PROBLEM TO WORK ON ::
Below are lines of data, and only some are wanted. Please repeat exactly those from the line that has "#99=ORIENTED_EDGE('',*,*,#98,.F.);" through the line that has "#105=DIRECTION('',(0.,0.,-1.));".

(Stored items from a collection)
◆ ◆ ◆ ◆ ◆ ◆ ◆

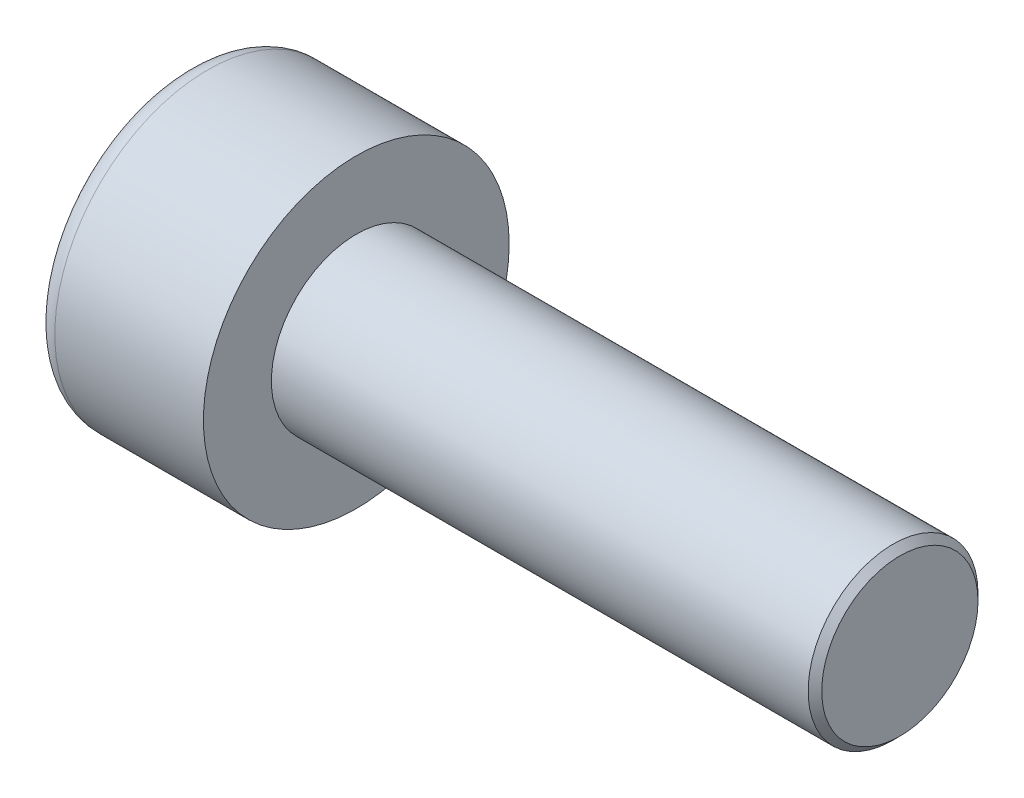
ISO-10303-21;
HEADER;
FILE_DESCRIPTION(('STEP AP214'),'2;1');
FILE_NAME('part.step','',(''),(''),'','','');
FILE_SCHEMA(('AUTOMOTIVE_DESIGN { 1 0 10303 214 1 1 1 1 }'));
ENDSEC;
DATA;
#1=APPLICATION_CONTEXT('core data for automotive mechanical design processes');
#2=APPLICATION_PROTOCOL_DEFINITION('international standard','automotive_design',2000,#1);
#3=PRODUCT_CONTEXT('',#1,'mechanical');
#4=PRODUCT('Part','Part','',(#3));
#5=PRODUCT_RELATED_PRODUCT_CATEGORY('part','',(#4));
#6=PRODUCT_DEFINITION_FORMATION('','',#4);
#7=PRODUCT_DEFINITION_CONTEXT('part definition',#1,'design');
#8=PRODUCT_DEFINITION('design','',#6,#7);
#9=PRODUCT_DEFINITION_SHAPE('','',#8);
#10=(LENGTH_UNIT() NAMED_UNIT(*) SI_UNIT(.MILLI.,.METRE.));
#11=(NAMED_UNIT(*) PLANE_ANGLE_UNIT() SI_UNIT($,.RADIAN.));
#12=(NAMED_UNIT(*) SI_UNIT($,.STERADIAN.) SOLID_ANGLE_UNIT());
#13=UNCERTAINTY_MEASURE_WITH_UNIT(LENGTH_MEASURE(1.E-05),#10,'distance_accuracy_value','');
#14=(GEOMETRIC_REPRESENTATION_CONTEXT(3) GLOBAL_UNCERTAINTY_ASSIGNED_CONTEXT((#13)) GLOBAL_UNIT_ASSIGNED_CONTEXT((#10,
#11,#12)) REPRESENTATION_CONTEXT('',''));
#15=CARTESIAN_POINT('',(0.,0.,0.));
#16=DIRECTION('',(0.,0.,1.));
#17=DIRECTION('',(1.,0.,0.));
#18=AXIS2_PLACEMENT_3D('',#15,#16,#17);
#19=CARTESIAN_POINT('',(1.1,1.,-1.73205080756888));
#20=DIRECTION('',(1.,0.,0.));
#21=DIRECTION('',(0.,0.,-1.));
#22=AXIS2_PLACEMENT_3D('',#19,#20,#21);
#23=PLANE('',#22);
#24=CARTESIAN_POINT('',(1.1,0.,0.));
#25=DIRECTION('',(1.,0.,0.));
#26=DIRECTION('',(0.,0.,-1.));
#27=AXIS2_PLACEMENT_3D('',#24,#25,#26);
#28=CIRCLE('',#27,1.);
#29=CARTESIAN_POINT('',(1.1,-0.5,-0.866025403784439));
#30=VERTEX_POINT('',#29);
#31=CARTESIAN_POINT('',(1.1,-1.,0.));
#32=VERTEX_POINT('',#31);
#33=EDGE_CURVE('E162',#30,#32,#28,.F.);
#34=ORIENTED_EDGE('',*,*,#33,.F.);
#35=DIRECTION('',(0.,0.866025403784439,-0.5));
#36=VECTOR('',#35,1.);
#37=CARTESIAN_POINT('',(1.1,-1.,-0.577350269189627));
#38=LINE('',#37,#36);
#39=CARTESIAN_POINT('',(1.1,-1.,-0.577350269189627));
#40=VERTEX_POINT('',#39);
#41=EDGE_CURVE('E170',#40,#30,#38,.T.);
#42=ORIENTED_EDGE('',*,*,#41,.F.);
#43=DIRECTION('',(0.,0.,-1.));
#44=VECTOR('',#43,1.);
#45=CARTESIAN_POINT('',(1.1,-1.,0.577350269189626));
#46=LINE('',#45,#44);
#47=EDGE_CURVE('E187',#32,#40,#46,.T.);
#48=ORIENTED_EDGE('',*,*,#47,.F.);
#49=EDGE_LOOP('',(#34,#42,#48));
#50=FACE_BOUND('',#49,.T.);
#51=ADVANCED_FACE('F39',(#50),#23,.F.);
#52=CARTESIAN_POINT('',(1.1,-0.5,0.866025403784438));
#53=VERTEX_POINT('',#52);
#54=EDGE_CURVE('E292',#32,#53,#28,.F.);
#55=ORIENTED_EDGE('',*,*,#54,.F.);
#56=CARTESIAN_POINT('',(1.1,-1.,0.577350269189626));
#57=VERTEX_POINT('',#56);
#58=EDGE_CURVE('E188',#57,#32,#46,.T.);
#59=ORIENTED_EDGE('',*,*,#58,.F.);
#60=DIRECTION('',(0.,-0.866025403784439,-0.5));
#61=VECTOR('',#60,1.);
#62=CARTESIAN_POINT('',(1.1,0.,1.15470053837925));
#63=LINE('',#62,#61);
#64=EDGE_CURVE('E183',#53,#57,#63,.T.);
#65=ORIENTED_EDGE('',*,*,#64,.F.);
#66=EDGE_LOOP('',(#55,#59,#65));
#67=FACE_BOUND('',#66,.T.);
#68=ADVANCED_FACE('F128',(#67),#23,.F.);
#69=CARTESIAN_POINT('',(1.1,0.5,0.866025403784438));
#70=VERTEX_POINT('',#69);
#71=EDGE_CURVE('E288',#53,#70,#28,.F.);
#72=ORIENTED_EDGE('',*,*,#71,.F.);
#73=CARTESIAN_POINT('',(1.1,0.,1.15470053837925));
#74=VERTEX_POINT('',#73);
#75=EDGE_CURVE('E184',#74,#53,#63,.T.);
#76=ORIENTED_EDGE('',*,*,#75,.F.);
#77=DIRECTION('',(0.,-0.866025403784439,0.5));
#78=VECTOR('',#77,1.);
#79=CARTESIAN_POINT('',(1.1,1.,0.577350269189626));
#80=LINE('',#79,#78);
#81=EDGE_CURVE('E179',#70,#74,#80,.T.);
#82=ORIENTED_EDGE('',*,*,#81,.F.);
#83=EDGE_LOOP('',(#72,#76,#82));
#84=FACE_BOUND('',#83,.T.);
#85=ADVANCED_FACE('F134',(#84),#23,.F.);
#86=CARTESIAN_POINT('',(1.1,1.,0.));
#87=VERTEX_POINT('',#86);
#88=EDGE_CURVE('E159',#70,#87,#28,.F.);
#89=ORIENTED_EDGE('',*,*,#88,.F.);
#90=CARTESIAN_POINT('',(1.1,1.,0.577350269189626));
#91=VERTEX_POINT('',#90);
#92=EDGE_CURVE('E180',#91,#70,#80,.T.);
#93=ORIENTED_EDGE('',*,*,#92,.F.);
#94=DIRECTION('',(0.,0.,1.));
#95=VECTOR('',#94,1.);
#96=CARTESIAN_POINT('',(1.1,1.,-0.577350269189625));
#97=LINE('',#96,#95);
#98=EDGE_CURVE('E174',#87,#91,#97,.T.);
#99=ORIENTED_EDGE('',*,*,#98,.F.);
#100=EDGE_LOOP('',(#89,#93,#99));
#101=FACE_BOUND('',#100,.T.);
#102=ADVANCED_FACE('F148',(#101),#23,.F.);
#103=CARTESIAN_POINT('',(1.1,0.,0.));
#104=DIRECTION('',(1.,0.,0.));
#105=DIRECTION('',(0.,0.,-1.));
#106=AXIS2_PLACEMENT_3D('',#103,#104,#105);
#107=CIRCLE('',#106,1.);
#108=CARTESIAN_POINT('',(1.1,0.5,-0.866025403784438));
#109=VERTEX_POINT('',#108);
#110=EDGE_CURVE('E54',#109,#87,#107,.T.);
#111=ORIENTED_EDGE('',*,*,#110,.T.);
#112=CARTESIAN_POINT('',(1.1,1.,-0.577350269189625));
#113=VERTEX_POINT('',#112);
#114=EDGE_CURVE('E167',#113,#87,#97,.T.);
#115=ORIENTED_EDGE('',*,*,#114,.F.);
#116=DIRECTION('',(0.,0.866025403784439,0.5));
#117=VECTOR('',#116,1.);
#118=CARTESIAN_POINT('',(1.1,0.,-1.15470053837925));
#119=LINE('',#118,#117);
#120=EDGE_CURVE('E164',#109,#113,#119,.T.);
#121=ORIENTED_EDGE('',*,*,#120,.F.);
#122=EDGE_LOOP('',(#111,#115,#121));
#123=FACE_BOUND('',#122,.T.);
#124=ADVANCED_FACE('F139',(#123),#23,.F.);
#125=EDGE_CURVE('E152',#109,#30,#28,.F.);
#126=ORIENTED_EDGE('',*,*,#125,.F.);
#127=CARTESIAN_POINT('',(1.1,0.,-1.15470053837925));
#128=VERTEX_POINT('',#127);
#129=EDGE_CURVE('E155',#128,#109,#119,.T.);
#130=ORIENTED_EDGE('',*,*,#129,.F.);
#131=EDGE_CURVE('E157',#30,#128,#38,.T.);
#132=ORIENTED_EDGE('',*,*,#131,.F.);
#133=EDGE_LOOP('',(#126,#130,#132));
#134=FACE_BOUND('',#133,.T.);
#135=ADVANCED_FACE('F130',(#134),#23,.F.);
#136=CARTESIAN_POINT('',(0.,0.,0.));
#137=DIRECTION('',(1.,0.,0.));
#138=DIRECTION('',(0.,0.,-1.));
#139=AXIS2_PLACEMENT_3D('',#136,#137,#138);
#140=PLANE('',#139);
#141=CARTESIAN_POINT('',(0.,0.,0.));
#142=DIRECTION('',(1.,0.,0.));
#143=DIRECTION('',(0.,0.,-1.));
#144=AXIS2_PLACEMENT_3D('',#141,#142,#143);
#145=CIRCLE('',#144,1.9375);
#146=CARTESIAN_POINT('',(0.,0.,-1.9375));
#147=VERTEX_POINT('',#146);
#148=EDGE_CURVE('E227',#147,#147,#145,.F.);
#149=ORIENTED_EDGE('',*,*,#148,.T.);
#150=EDGE_LOOP('',(#149));
#151=FACE_BOUND('',#150,.T.);
#152=DIRECTION('',(0.,0.866025403784439,-0.5));
#153=VECTOR('',#152,1.);
#154=CARTESIAN_POINT('',(0.,-1.,-0.577350269189627));
#155=LINE('',#154,#153);
#156=CARTESIAN_POINT('',(0.,-1.,-0.577350269189627));
#157=VERTEX_POINT('',#156);
#158=CARTESIAN_POINT('',(0.,0.,-1.15470053837925));
#159=VERTEX_POINT('',#158);
#160=EDGE_CURVE('E62',#157,#159,#155,.T.);
#161=ORIENTED_EDGE('',*,*,#160,.T.);
#162=DIRECTION('',(0.,0.866025403784439,0.5));
#163=VECTOR('',#162,1.);
#164=CARTESIAN_POINT('',(0.,0.,-1.15470053837925));
#165=LINE('',#164,#163);
#166=CARTESIAN_POINT('',(0.,1.,-0.577350269189625));
#167=VERTEX_POINT('',#166);
#168=EDGE_CURVE('E193',#159,#167,#165,.T.);
#169=ORIENTED_EDGE('',*,*,#168,.T.);
#170=DIRECTION('',(0.,0.,1.));
#171=VECTOR('',#170,1.);
#172=CARTESIAN_POINT('',(0.,1.,-0.577350269189625));
#173=LINE('',#172,#171);
#174=CARTESIAN_POINT('',(0.,1.,0.577350269189626));
#175=VERTEX_POINT('',#174);
#176=EDGE_CURVE('E196',#167,#175,#173,.T.);
#177=ORIENTED_EDGE('',*,*,#176,.T.);
#178=DIRECTION('',(0.,-0.866025403784439,0.5));
#179=VECTOR('',#178,1.);
#180=CARTESIAN_POINT('',(0.,1.,0.577350269189626));
#181=LINE('',#180,#179);
#182=CARTESIAN_POINT('',(0.,0.,1.15470053837925));
#183=VERTEX_POINT('',#182);
#184=EDGE_CURVE('E199',#175,#183,#181,.T.);
#185=ORIENTED_EDGE('',*,*,#184,.T.);
#186=DIRECTION('',(0.,-0.866025403784439,-0.5));
#187=VECTOR('',#186,1.);
#188=CARTESIAN_POINT('',(0.,0.,1.15470053837925));
#189=LINE('',#188,#187);
#190=CARTESIAN_POINT('',(0.,-1.,0.577350269189626));
#191=VERTEX_POINT('',#190);
#192=EDGE_CURVE('E202',#183,#191,#189,.T.);
#193=ORIENTED_EDGE('',*,*,#192,.T.);
#194=DIRECTION('',(0.,0.,-1.));
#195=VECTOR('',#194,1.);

◆ ◆ ◆ ◆ ◆ ◆ ◆

OUTPUT FOR THIS TASK ::
#99=ORIENTED_EDGE('',*,*,#98,.F.);
#100=EDGE_LOOP('',(#89,#93,#99));
#101=FACE_BOUND('',#100,.T.);
#102=ADVANCED_FACE('F148',(#101),#23,.F.);
#103=CARTESIAN_POINT('',(1.1,0.,0.));
#104=DIRECTION('',(1.,0.,0.));
#105=DIRECTION('',(0.,0.,-1.));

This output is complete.